Я заметил, что обе женщины были тонкокостными, но жирными. Им было, пожалуй, слегка за пятьдесят. На лицах их был болезненный взгляд, как будто бы идти вниз по ступенькам церкви было выше их сил.

Они были перед нами. Секунду они поколебались и затем остановились. На дорожке была еще одна ступенька.

— Смотрите под ноги, дамы, — закричал дон Хуан, драматически поднявшись. Женщины взглянули на него, явно смущенные его внезапным выпадом.

— Моя мама сломала здесь однажды свое правое бедро, — сказал он, подскакивая к ним, чтобы помочь.

Они многословно его поблагодарили, а он им посоветовал, что если они когда-нибудь потеряют равновесие и упадут, оставаться неподвижными, пока не приедет скорая помощь. Его тон был искренним. Женщины перекрестились.

Дон Хуан сел опять. Его глаза сияли. Он тихо заговорил.

— Эти женщины не настолько стары и тела их не настолько слабы и, однако же, они — инвалиды. Все вокруг них пропитано опасением — их одежда, их запах, их отношение ко всему. Почему ты думаешь, это так?

— Может быть они родились такими? — сказал я.

— Никто таким не рождается. Мы сами себя делаем такими. Тональ этих женщин слаб и боязлив.

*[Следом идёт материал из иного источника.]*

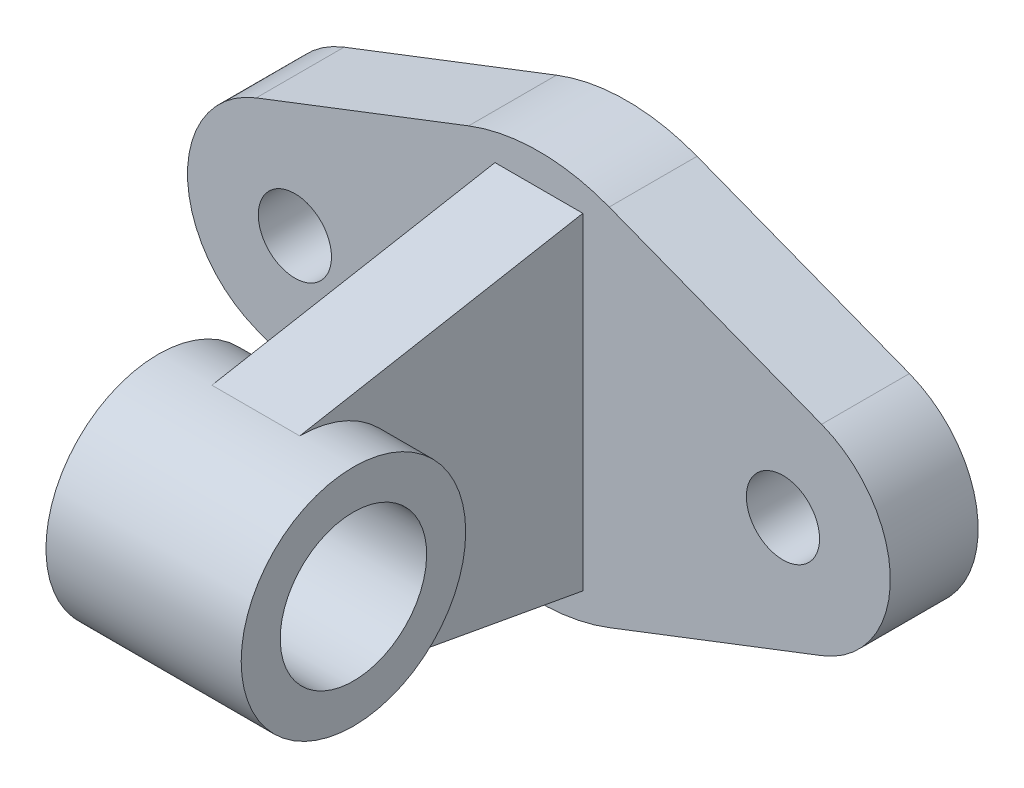
ISO-10303-21;
HEADER;
FILE_DESCRIPTION(('STEP AP214'),'2;1');
FILE_NAME('part.step','',(''),(''),'','','');
FILE_SCHEMA(('AUTOMOTIVE_DESIGN { 1 0 10303 214 1 1 1 1 }'));
ENDSEC;
DATA;
#1=APPLICATION_CONTEXT('core data for automotive mechanical design processes');
#2=APPLICATION_PROTOCOL_DEFINITION('international standard','automotive_design',2000,#1);
#3=PRODUCT_CONTEXT('',#1,'mechanical');
#4=PRODUCT('Part','Part','',(#3));
#5=PRODUCT_RELATED_PRODUCT_CATEGORY('part','',(#4));
#6=PRODUCT_DEFINITION_FORMATION('','',#4);
#7=PRODUCT_DEFINITION_CONTEXT('part definition',#1,'design');
#8=PRODUCT_DEFINITION('design','',#6,#7);
#9=PRODUCT_DEFINITION_SHAPE('','',#8);
#10=(LENGTH_UNIT() NAMED_UNIT(*) SI_UNIT(.MILLI.,.METRE.));
#11=(NAMED_UNIT(*) PLANE_ANGLE_UNIT() SI_UNIT($,.RADIAN.));
#12=(NAMED_UNIT(*) SI_UNIT($,.STERADIAN.) SOLID_ANGLE_UNIT());
#13=UNCERTAINTY_MEASURE_WITH_UNIT(LENGTH_MEASURE(1.E-05),#10,'distance_accuracy_value','');
#14=(GEOMETRIC_REPRESENTATION_CONTEXT(3) GLOBAL_UNCERTAINTY_ASSIGNED_CONTEXT((#13)) GLOBAL_UNIT_ASSIGNED_CONTEXT((#10,
#11,#12)) REPRESENTATION_CONTEXT('',''));
#15=CARTESIAN_POINT('',(0.,0.,0.));
#16=DIRECTION('',(0.,0.,1.));
#17=DIRECTION('',(1.,0.,0.));
#18=AXIS2_PLACEMENT_3D('',#15,#16,#17);
#19=CARTESIAN_POINT('',(-49.9999999999996,6.3309218839569E-06,18.));
#20=DIRECTION('',(0.,0.,1.));
#21=DIRECTION('',(1.,0.,0.));
#22=AXIS2_PLACEMENT_3D('',#19,#20,#21);
#23=PLANE('',#22);
#24=CARTESIAN_POINT('',(50.0000000000004,6.3309218839569E-06,18.));
#25=DIRECTION('',(0.,0.,1.));
#26=DIRECTION('',(1.,0.,0.));
#27=AXIS2_PLACEMENT_3D('',#24,#25,#26);
#28=CIRCLE('',#27,7.5);
#29=CARTESIAN_POINT('',(57.5000000000004,6.3309218839569E-06,18.));
#30=VERTEX_POINT('',#29);
#31=EDGE_CURVE('E283',#30,#30,#28,.T.);
#32=ORIENTED_EDGE('',*,*,#31,.F.);
#33=EDGE_LOOP('',(#32));
#34=FACE_BOUND('',#33,.T.);
#35=CARTESIAN_POINT('',(-49.9999999999996,6.3309218839569E-06,18.));
#36=DIRECTION('',(0.,0.,1.));
#37=DIRECTION('',(1.,0.,0.));
#38=AXIS2_PLACEMENT_3D('',#35,#36,#37);
#39=CIRCLE('',#38,7.5);
#40=CARTESIAN_POINT('',(-42.4999999999996,6.3309218839569E-06,18.));
#41=VERTEX_POINT('',#40);
#42=EDGE_CURVE('E275',#41,#41,#39,.T.);
#43=ORIENTED_EDGE('',*,*,#42,.F.);
#44=EDGE_LOOP('',(#43));
#45=FACE_BOUND('',#44,.T.);
#46=DIRECTION('',(0.932952257592603,-0.36000011812896,0.));
#47=VECTOR('',#46,1.);
#48=CARTESIAN_POINT('',(-14.4000047251584,-37.3180903037041,18.));
#49=LINE('',#48,#47);
#50=CARTESIAN_POINT('',(-57.9200025988367,-20.5249433361154,18.));
#51=VERTEX_POINT('',#50);
#52=CARTESIAN_POINT('',(-14.4000047251584,-37.3180903037041,18.));
#53=VERTEX_POINT('',#52);
#54=EDGE_CURVE('E161',#51,#53,#49,.T.);
#55=ORIENTED_EDGE('',*,*,#54,.T.);
#56=CARTESIAN_POINT('',(0.,0.,18.));
#57=DIRECTION('',(0.,0.,1.));
#58=DIRECTION('',(1.,0.,0.));
#59=AXIS2_PLACEMENT_3D('',#56,#57,#58);
#60=CIRCLE('',#59,40.);
#61=CARTESIAN_POINT('',(14.3999952748411,-37.3180939503152,18.));
#62=VERTEX_POINT('',#61);
#63=EDGE_CURVE('E165',#53,#62,#60,.T.);
#64=ORIENTED_EDGE('',*,*,#63,.T.);
#65=DIRECTION('',(0.932952257592615,0.360000118128929,0.));
#66=VECTOR('',#65,1.);
#67=CARTESIAN_POINT('',(14.3999952748411,-37.3180939503152,18.));
#68=LINE('',#67,#66);
#69=CARTESIAN_POINT('',(57.9200025988368,-20.5249433361156,18.));
#70=VERTEX_POINT('',#69);
#71=EDGE_CURVE('E168',#62,#70,#68,.T.);
#72=ORIENTED_EDGE('',*,*,#71,.T.);
#73=CARTESIAN_POINT('',(50.0000000000004,6.3309218839569E-06,18.));
#74=DIRECTION('',(0.,0.,1.));
#75=DIRECTION('',(1.,0.,0.));
#76=AXIS2_PLACEMENT_3D('',#73,#74,#75);
#77=CIRCLE('',#76,22.);
#78=CARTESIAN_POINT('',(57.919997401163,20.5249580035952,18.));
#79=VERTEX_POINT('',#78);
#80=EDGE_CURVE('E171',#70,#79,#77,.T.);
#81=ORIENTED_EDGE('',*,*,#80,.T.);
#82=DIRECTION('',(-0.93295234875788,0.359999881871028,0.));
#83=VECTOR('',#82,1.);
#84=CARTESIAN_POINT('',(57.919997401163,20.5249580035952,18.));
#85=LINE('',#84,#83);
#86=CARTESIAN_POINT('',(14.3999952748411,37.3180939503152,18.));
#87=VERTEX_POINT('',#86);
#88=EDGE_CURVE('E174',#79,#87,#85,.T.);
#89=ORIENTED_EDGE('',*,*,#88,.T.);
#90=CARTESIAN_POINT('',(0.,0.,18.));
#91=DIRECTION('',(0.,0.,1.));
#92=DIRECTION('',(1.,0.,0.));
#93=AXIS2_PLACEMENT_3D('',#90,#91,#92);
#94=CIRCLE('',#93,40.);
#95=CARTESIAN_POINT('',(-14.3999952748414,37.3180939503151,18.));
#96=VERTEX_POINT('',#95);
#97=EDGE_CURVE('E177',#87,#96,#94,.T.);
#98=ORIENTED_EDGE('',*,*,#97,.T.);
#99=DIRECTION('',(-0.932952348757878,-0.359999881871034,0.));
#100=VECTOR('',#99,1.);
#101=CARTESIAN_POINT('',(-57.9199974011623,20.5249580035952,18.));
#102=LINE('',#101,#100);
#103=CARTESIAN_POINT('',(-57.9199974011623,20.5249580035952,18.));
#104=VERTEX_POINT('',#103);
#105=EDGE_CURVE('E180',#96,#104,#102,.T.);
#106=ORIENTED_EDGE('',*,*,#105,.T.);
#107=CARTESIAN_POINT('',(-49.9999999999996,6.3309218839569E-06,18.));
#108=DIRECTION('',(0.,0.,1.));
#109=DIRECTION('',(1.,0.,0.));
#110=AXIS2_PLACEMENT_3D('',#107,#108,#109);
#111=CIRCLE('',#110,22.);
#112=EDGE_CURVE('E157',#104,#51,#111,.T.);
#113=ORIENTED_EDGE('',*,*,#112,.T.);
#114=EDGE_LOOP('',(#55,#64,#72,#81,#89,#98,#106,#113));
#115=FACE_BOUND('',#114,.T.);
#116=DIRECTION('',(1.,0.,0.));
#117=VECTOR('',#116,1.);
#118=CARTESIAN_POINT('',(9.00000000000001,-33.5,18.));
#119=LINE('',#118,#117);
#120=CARTESIAN_POINT('',(-9.00000000000002,-33.5,18.));
#121=VERTEX_POINT('',#120);
#122=CARTESIAN_POINT('',(9.00000000000001,-33.5,18.));
#123=VERTEX_POINT('',#122);
#124=EDGE_CURVE('E126',#121,#123,#119,.T.);
#125=ORIENTED_EDGE('',*,*,#124,.F.);
#126=DIRECTION('',(0.,-1.,0.));
#127=VECTOR('',#126,1.);
#128=CARTESIAN_POINT('',(-9.00000000000001,33.5,18.));
#129=LINE('',#128,#127);
#130=CARTESIAN_POINT('',(-9.00000000000004,33.5,18.));
#131=VERTEX_POINT('',#130);
#132=EDGE_CURVE('E136',#131,#121,#129,.T.);
#133=ORIENTED_EDGE('',*,*,#132,.F.);
#134=DIRECTION('',(-1.,0.,0.));
#135=VECTOR('',#134,1.);
#136=CARTESIAN_POINT('',(8.99999999999999,33.5,18.));
#137=LINE('',#136,#135);
#138=CARTESIAN_POINT('',(8.99999999999999,33.5,18.));
#139=VERTEX_POINT('',#138);
#140=EDGE_CURVE('E149',#139,#131,#137,.T.);
#141=ORIENTED_EDGE('',*,*,#140,.F.);
#142=DIRECTION('',(0.,1.,0.));
#143=VECTOR('',#142,1.);
#144=CARTESIAN_POINT('',(8.99999999999999,33.5,18.));
#145=LINE('',#144,#143);
#146=EDGE_CURVE('E135',#123,#139,#145,.T.);
#147=ORIENTED_EDGE('',*,*,#146,.F.);
#148=EDGE_LOOP('',(#125,#133,#141,#147));
#149=FACE_BOUND('',#148,.T.);
#150=ADVANCED_FACE('F39',(#34,#45,#115,#149),#23,.T.);
#151=CARTESIAN_POINT('',(-49.9999999999996,6.3309218839569E-06,18.));
#152=DIRECTION('',(0.,0.,-1.));
#153=DIRECTION('',(-1.,0.,0.));
#154=AXIS2_PLACEMENT_3D('',#151,#152,#153);
#155=CYLINDRICAL_SURFACE('',#154,22.);
#156=CARTESIAN_POINT('',(-49.9999999999996,6.3309218839569E-06,0.));
#157=DIRECTION('',(0.,0.,1.));
#158=DIRECTION('',(1.,0.,0.));
#159=AXIS2_PLACEMENT_3D('',#156,#157,#158);
#160=CIRCLE('',#159,22.);
#161=CARTESIAN_POINT('',(-57.9199974011623,20.5249580035952,0.));
#162=VERTEX_POINT('',#161);
#163=CARTESIAN_POINT('',(-57.9200025988367,-20.5249433361154,0.));
#164=VERTEX_POINT('',#163);
#165=EDGE_CURVE('E153',#162,#164,#160,.T.);
#166=ORIENTED_EDGE('',*,*,#165,.T.);
#167=DIRECTION('',(0.,0.,-1.));
#168=VECTOR('',#167,1.);
#169=CARTESIAN_POINT('',(-57.9200025988367,-20.5249433361154,18.));
#170=LINE('',#169,#168);
#171=EDGE_CURVE('E234',#51,#164,#170,.T.);
#172=ORIENTED_EDGE('',*,*,#171,.F.);
#173=ORIENTED_EDGE('',*,*,#112,.F.);
#174=DIRECTION('',(0.,0.,-1.));
#175=VECTOR('',#174,1.);
#176=CARTESIAN_POINT('',(-57.9199974011623,20.5249580035952,18.));
#177=LINE('',#176,#175);
#178=EDGE_CURVE('E183',#104,#162,#177,.T.);
#179=ORIENTED_EDGE('',*,*,#178,.T.);
#180=EDGE_LOOP('',(#166,#172,#173,#179));
#181=FACE_BOUND('',#180,.T.);
#182=ADVANCED_FACE('F41',(#181),#155,.T.);
#183=CARTESIAN_POINT('',(-14.4000047251584,-37.3180903037041,18.));
#184=DIRECTION('',(0.36000011812896,0.932952257592603,0.));
#185=DIRECTION('',(-0.932952257592603,0.36000011812896,0.));
#186=AXIS2_PLACEMENT_3D('',#183,#184,#185);
#187=PLANE('',#186);
#188=DIRECTION('',(0.932952257592603,-0.36000011812896,0.));
#189=VECTOR('',#188,1.);
#190=CARTESIAN_POINT('',(-14.4000047251584,-37.3180903037041,0.));
#191=LINE('',#190,#189);
#192=CARTESIAN_POINT('',(-14.4000047251584,-37.3180903037041,0.));
#193=VERTEX_POINT('',#192);
#194=EDGE_CURVE('E187',#164,#193,#191,.T.);
#195=ORIENTED_EDGE('',*,*,#194,.T.);
#196=DIRECTION('',(0.,0.,-1.));
#197=VECTOR('',#196,1.);
#198=CARTESIAN_POINT('',(-14.4000047251584,-37.3180903037041,18.));
#199=LINE('',#198,#197);
#200=EDGE_CURVE('E230',#53,#193,#199,.T.);
#201=ORIENTED_EDGE('',*,*,#200,.F.);
#202=ORIENTED_EDGE('',*,*,#54,.F.);
#203=ORIENTED_EDGE('',*,*,#171,.T.);
#204=EDGE_LOOP('',(#195,#201,#202,#203));
#205=FACE_BOUND('',#204,.T.);
#206=ADVANCED_FACE('F312',(#205),#187,.F.);
#207=CARTESIAN_POINT('',(0.,0.,18.));
#208=DIRECTION('',(0.,0.,-1.));
#209=DIRECTION('',(-1.,0.,0.));
#210=AXIS2_PLACEMENT_3D('',#207,#208,#209);
#211=CYLINDRICAL_SURFACE('',#210,40.);
#212=CARTESIAN_POINT('',(0.,0.,0.));
#213=DIRECTION('',(0.,0.,1.));
#214=DIRECTION('',(1.,0.,0.));
#215=AXIS2_PLACEMENT_3D('',#212,#213,#214);
#216=CIRCLE('',#215,40.);
#217=CARTESIAN_POINT('',(14.3999952748411,-37.3180939503152,0.));
#218=VERTEX_POINT('',#217);
#219=EDGE_CURVE('E190',#193,#218,#216,.T.);
#220=ORIENTED_EDGE('',*,*,#219,.T.);
#221=DIRECTION('',(0.,0.,-1.));
#222=VECTOR('',#221,1.);
#223=CARTESIAN_POINT('',(14.3999952748411,-37.3180939503152,18.));
#224=LINE('',#223,#222);
#225=EDGE_CURVE('E226',#62,#218,#224,.T.);
#226=ORIENTED_EDGE('',*,*,#225,.F.);
#227=ORIENTED_EDGE('',*,*,#63,.F.);
#228=ORIENTED_EDGE('',*,*,#200,.T.);
#229=EDGE_LOOP('',(#220,#226,#227,#228));
#230=FACE_BOUND('',#229,.T.);
#231=ADVANCED_FACE('F315',(#230),#211,.T.);
#232=CARTESIAN_POINT('',(14.3999952748411,-37.3180939503152,18.));
#233=DIRECTION('',(-0.360000118128929,0.932952257592615,0.));
#234=DIRECTION('',(-0.932952257592615,-0.360000118128929,0.));
#235=AXIS2_PLACEMENT_3D('',#232,#233,#234);
#236=PLANE('',#235);
#237=DIRECTION('',(0.932952257592615,0.360000118128929,0.));
#238=VECTOR('',#237,1.);
#239=CARTESIAN_POINT('',(14.3999952748411,-37.3180939503152,0.));
#240=LINE('',#239,#238);
#241=CARTESIAN_POINT('',(57.9200025988368,-20.5249433361156,0.));
#242=VERTEX_POINT('',#241);
#243=EDGE_CURVE('E193',#218,#242,#240,.T.);
#244=ORIENTED_EDGE('',*,*,#243,.T.);
#245=DIRECTION('',(0.,0.,-1.));
#246=VECTOR('',#245,1.);
#247=CARTESIAN_POINT('',(57.9200025988368,-20.5249433361156,18.));
#248=LINE('',#247,#246);
#249=EDGE_CURVE('E222',#70,#242,#248,.T.);
#250=ORIENTED_EDGE('',*,*,#249,.F.);
#251=ORIENTED_EDGE('',*,*,#71,.F.);
#252=ORIENTED_EDGE('',*,*,#225,.T.);
#253=EDGE_LOOP('',(#244,#250,#251,#252));
#254=FACE_BOUND('',#253,.T.);
#255=ADVANCED_FACE('F320',(#254),#236,.F.);
#256=CARTESIAN_POINT('',(50.0000000000004,6.3309218839569E-06,18.));
#257=DIRECTION('',(0.,0.,-1.));
#258=DIRECTION('',(-1.,0.,0.));
#259=AXIS2_PLACEMENT_3D('',#256,#257,#258);
#260=CYLINDRICAL_SURFACE('',#259,22.);
#261=CARTESIAN_POINT('',(50.0000000000004,6.3309218839569E-06,0.));
#262=DIRECTION('',(0.,0.,1.));
#263=DIRECTION('',(1.,0.,0.));
#264=AXIS2_PLACEMENT_3D('',#261,#262,#263);
#265=CIRCLE('',#264,22.);
#266=CARTESIAN_POINT('',(57.919997401163,20.5249580035952,0.));
#267=VERTEX_POINT('',#266);
#268=EDGE_CURVE('E196',#242,#267,#265,.T.);
#269=ORIENTED_EDGE('',*,*,#268,.T.);
#270=DIRECTION('',(0.,0.,-1.));
#271=VECTOR('',#270,1.);
#272=CARTESIAN_POINT('',(57.919997401163,20.5249580035952,18.));
#273=LINE('',#272,#271);
#274=EDGE_CURVE('E218',#79,#267,#273,.T.);
#275=ORIENTED_EDGE('',*,*,#274,.F.);
#276=ORIENTED_EDGE('',*,*,#80,.F.);
#277=ORIENTED_EDGE('',*,*,#249,.T.);
#278=EDGE_LOOP('',(#269,#275,#276,#277));
#279=FACE_BOUND('',#278,.T.);
#280=ADVANCED_FACE('F326',(#279),#260,.T.);
#281=CARTESIAN_POINT('',(57.919997401163,20.5249580035952,18.));
#282=DIRECTION('',(-0.359999881871028,-0.93295234875788,0.));
#283=DIRECTION('',(0.93295234875788,-0.359999881871028,0.));
#284=AXIS2_PLACEMENT_3D('',#281,#282,#283);
#285=PLANE('',#284);
#286=DIRECTION('',(-0.93295234875788,0.359999881871028,0.));
#287=VECTOR('',#286,1.);
#288=CARTESIAN_POINT('',(57.919997401163,20.5249580035952,0.));
#289=LINE('',#288,#287);
#290=CARTESIAN_POINT('',(14.3999952748411,37.3180939503152,0.));
#291=VERTEX_POINT('',#290);
#292=EDGE_CURVE('E199',#267,#291,#289,.T.);
#293=ORIENTED_EDGE('',*,*,#292,.T.);
#294=DIRECTION('',(0.,0.,-1.));
#295=VECTOR('',#294,1.);
#296=CARTESIAN_POINT('',(14.3999952748411,37.3180939503152,18.));
#297=LINE('',#296,#295);
#298=EDGE_CURVE('E214',#87,#291,#297,.T.);
#299=ORIENTED_EDGE('',*,*,#298,.F.);
#300=ORIENTED_EDGE('',*,*,#88,.F.);
#301=ORIENTED_EDGE('',*,*,#274,.T.);
#302=EDGE_LOOP('',(#293,#299,#300,#301));
#303=FACE_BOUND('',#302,.T.);
#304=ADVANCED_FACE('F330',(#303),#285,.F.);
#305=CARTESIAN_POINT('',(0.,0.,18.));
#306=DIRECTION('',(0.,0.,-1.));
#307=DIRECTION('',(-1.,0.,0.));
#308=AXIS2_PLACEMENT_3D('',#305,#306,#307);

Я сказал, что сегодня будет день тоналя. Я имел в виду, что сегодня я только с ним исключительно хочу иметь дело. Я сказал также, что для этой специальной цели я надел свой костюм. При помощи его я хотел показать тебе, что воин обращается со своим тоналем совсем особым образом. Я указал тебе, что мой костюм сделан по моде, и что все, что на мне одето сегодня облегает меня и идет мне до совершенства. Не свою пустоту я хотел показать, но мой дух воина, мой тональ воина.

Эти две женщины дали тебе первый взгляд на тональ сегодня. Жизнь может быть такой же безжалостной с тобой, как она безжалостна с ними, если ты небрежен со своим тоналем. Я выдвинул себя как противопоставление. Если ты понимаешь правильно, то мне не нужно развивать этот момент.

Я ощутил внезапный приступ неуверенности и испросил его выразить словами то, что я должен понять. Должно быть в моем голосе было отчаяние. Он громко засмеялся.

— Смотри на того молодого человека в зеленых штанах и розовой рубашке, — прошептал дон Хуан и указал на очень тощего темноволосого человека с острыми чертами лица, который стоял почти против нас. Казалось, он был в нерешительности относительно того, куда ему идти — к церкви или к улице. Дважды он поднимал руку в направлении к церкви, как бы разговаривая сам с сбой и собираясь двинуться в ее направлении. Затем он посмотрел на меня с отсутствующим выражением.

— Взгляни на то, как он одет, — сказал дон Хуан шепотом. — посмотри на эти ботинки.

Одежда молодого человека была потрепана и помята, а его ботинки абсолютно износились.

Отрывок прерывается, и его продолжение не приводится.